Eldridge was elected to Massachusetts House of Representatives on November 5, 2002. Upon his election, Eldridge became the first elected official in the history of Massachusetts to be elected as a Clean Elections candidate. To date, he remains the only such elected official, as the Massachusetts Clean Elections law was repealed a little over a year later. He was subsequently sworn in on January 1, 2003. The district included the towns of Boxborough, Harvard, Lunenburg, Shirley, and portions of Acton and Lancaster.

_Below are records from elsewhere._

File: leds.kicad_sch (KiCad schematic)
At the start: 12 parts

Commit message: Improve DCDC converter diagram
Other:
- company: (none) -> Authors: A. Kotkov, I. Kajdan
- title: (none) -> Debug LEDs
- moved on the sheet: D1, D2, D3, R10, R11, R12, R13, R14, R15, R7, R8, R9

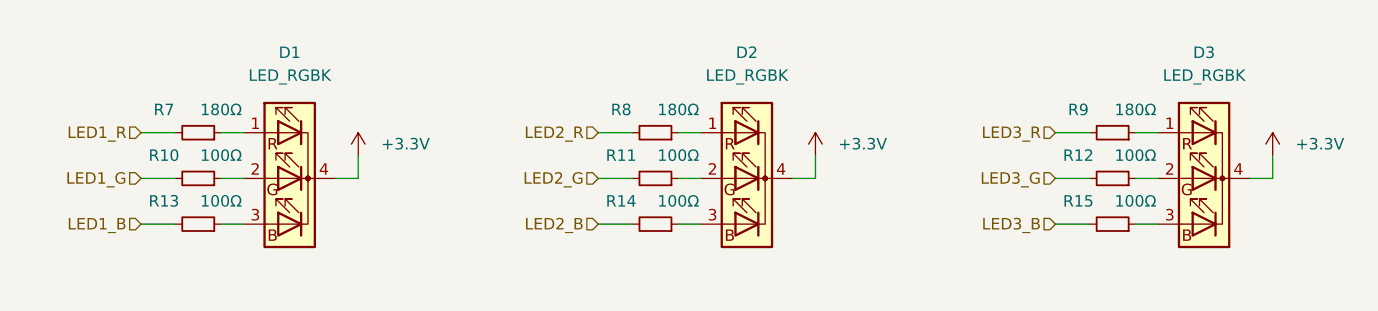
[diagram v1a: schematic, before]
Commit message: Replace RGB leds with single color ones
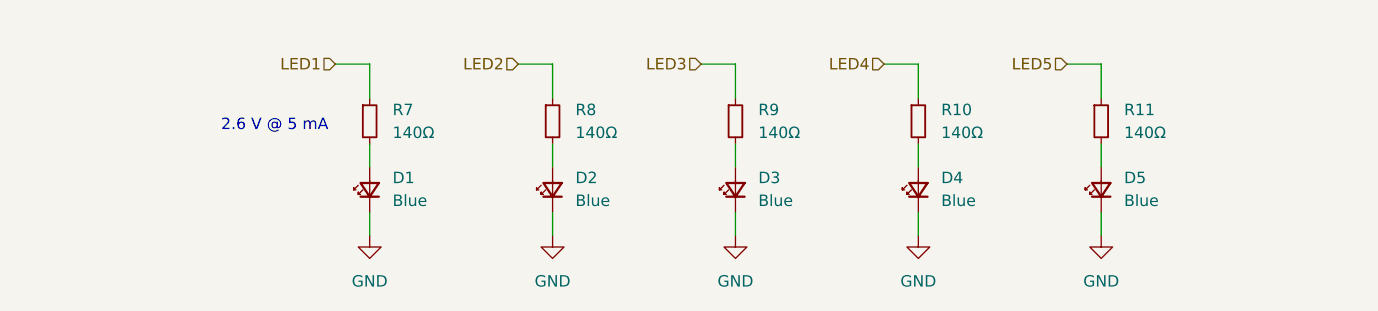
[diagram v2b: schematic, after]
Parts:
- removed D1, D2, D3: LED_RGBK, LED_SMD:LED_Avago_PLCC4_3.2x2.8mm_CW, symbol Device:LED_RGBK
- removed R12, R13, R14, R15: 100Ω, Resistor_SMD:R_0603_1608Metric, symbol Device:R_Small
- added D1, D2, D3, D4, D5: Blue, LED_SMD:LED_0603_1608Metric, symbol Device:LED_Small
- R10, R11: value 100Ω -> 140Ω
- R7, R8, R9: value 180Ω -> 140Ω
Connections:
- net LED3: now reaches R9.1
- net LED5: now reaches R11.1
- net LED2: now reaches R8.1
- net LED1: now reaches R7.1
- net LED4: now reaches R10.1
- net LED1_G: no longer names the net of R10.2
- net LED1_G: now also D4.2 (A)
- net LED1_R: no longer names the net of R7.2
- net LED1_R: now also D1.2 (A)
- net LED2_G: no longer names the net of R11.2
- net LED2_G: now also D5.2 (A)
- net LED2_R: no longer names the net of R8.2
- net LED2_R: now also D2.2 (A)
- net LED3_R: no longer names the net of R9.2
- net LED3_R: now also D3.2 (A)
- new net GND: D1.1 (K), D2.1 (K), D3.1 (K), D4.1 (K), D5.1 (K)
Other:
- note added: "2.6 V @ 5 mA"

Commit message: Use more appropriate MCU pins for peripherals
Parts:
- renumbered D5 to D1, D4 to D2, D2 to D4, D1 to D5, R8 to R10, R7 to R11, R11 to R7, R10 to R8
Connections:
- net LED1: now also R7.1; no longer R11.1
- net LED2: now also R8.1; no longer R10.1
- net LED4: now also R10.1; no longer R8.1
- net LED5: now also R11.1; no longer R7.1
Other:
- moved on the sheet: D1, D2, D4, D5, R10, R11, R7, R8

In 2007, Eldridge was a candidate in the Democratic primary for a special election to replace Marty Meehan as United States Congressman for Massachusetts's 5th congressional district. He lost the five-way Democratic primary to Niki Tsongas, whom he then endorsed. The Lowell Sun called Eldridge's third-place finish a "sign of a bright future".

Eldridge had endorsed Barack Obama for president, and was elected to be a pledged delegate for Obama at the 2008 Democratic National Convention.

Eldridge assumed the Massachusetts Senate seat formerly held by Pam Resor (District of Middlesex and Worcester) on January 7, 2009.

Eldrige won re-election to the state senate by 57% to 43% on November 2, 2010.

Eldridge has proposed a variety of legislation on the environment, economic justice, and a variety of other issues in his legislative career. He was the lead sponsor of bullying-prevention legislation, a version of which was passed by the legislature and signed into law in 2010.

In his current term in the state senate, Senator Eldridge has promised to fight for single-payer healthcare.

On February 28, 2014, Eldridge endorsed Don Berwick for governor in the 2014 Massachusetts gubernatorial election

In January 2016, Eldridge formally endorsed Bernie Sanders in the 2016 Democratic Party presidential primaries. He later served as a delegate for Sanders at the 2016 Democratic National Convention.

On August 9, 2017, Eldridge announced that he was considering running for congress in the 2018 election in Massachusetts's 3rd congressional district after Congresswoman Niki Tsongas announced that she would retire at the end of her current term. He later decided not to run for congress and stay in the state senate.

He won re-election on November 6, 2018 defeating Republican challenger Margaret Busse and Independent challenger Terra Friedrichs.

In 2020, he endorsed Bernie Sanders in the 2020 Democratic Party presidential primaries and later served on his campaign as state co-chair.

== Personal life ==
Eldridge is an Acton, Massachusetts, native and the son of a public school kindergarten teacher and electrical engineer.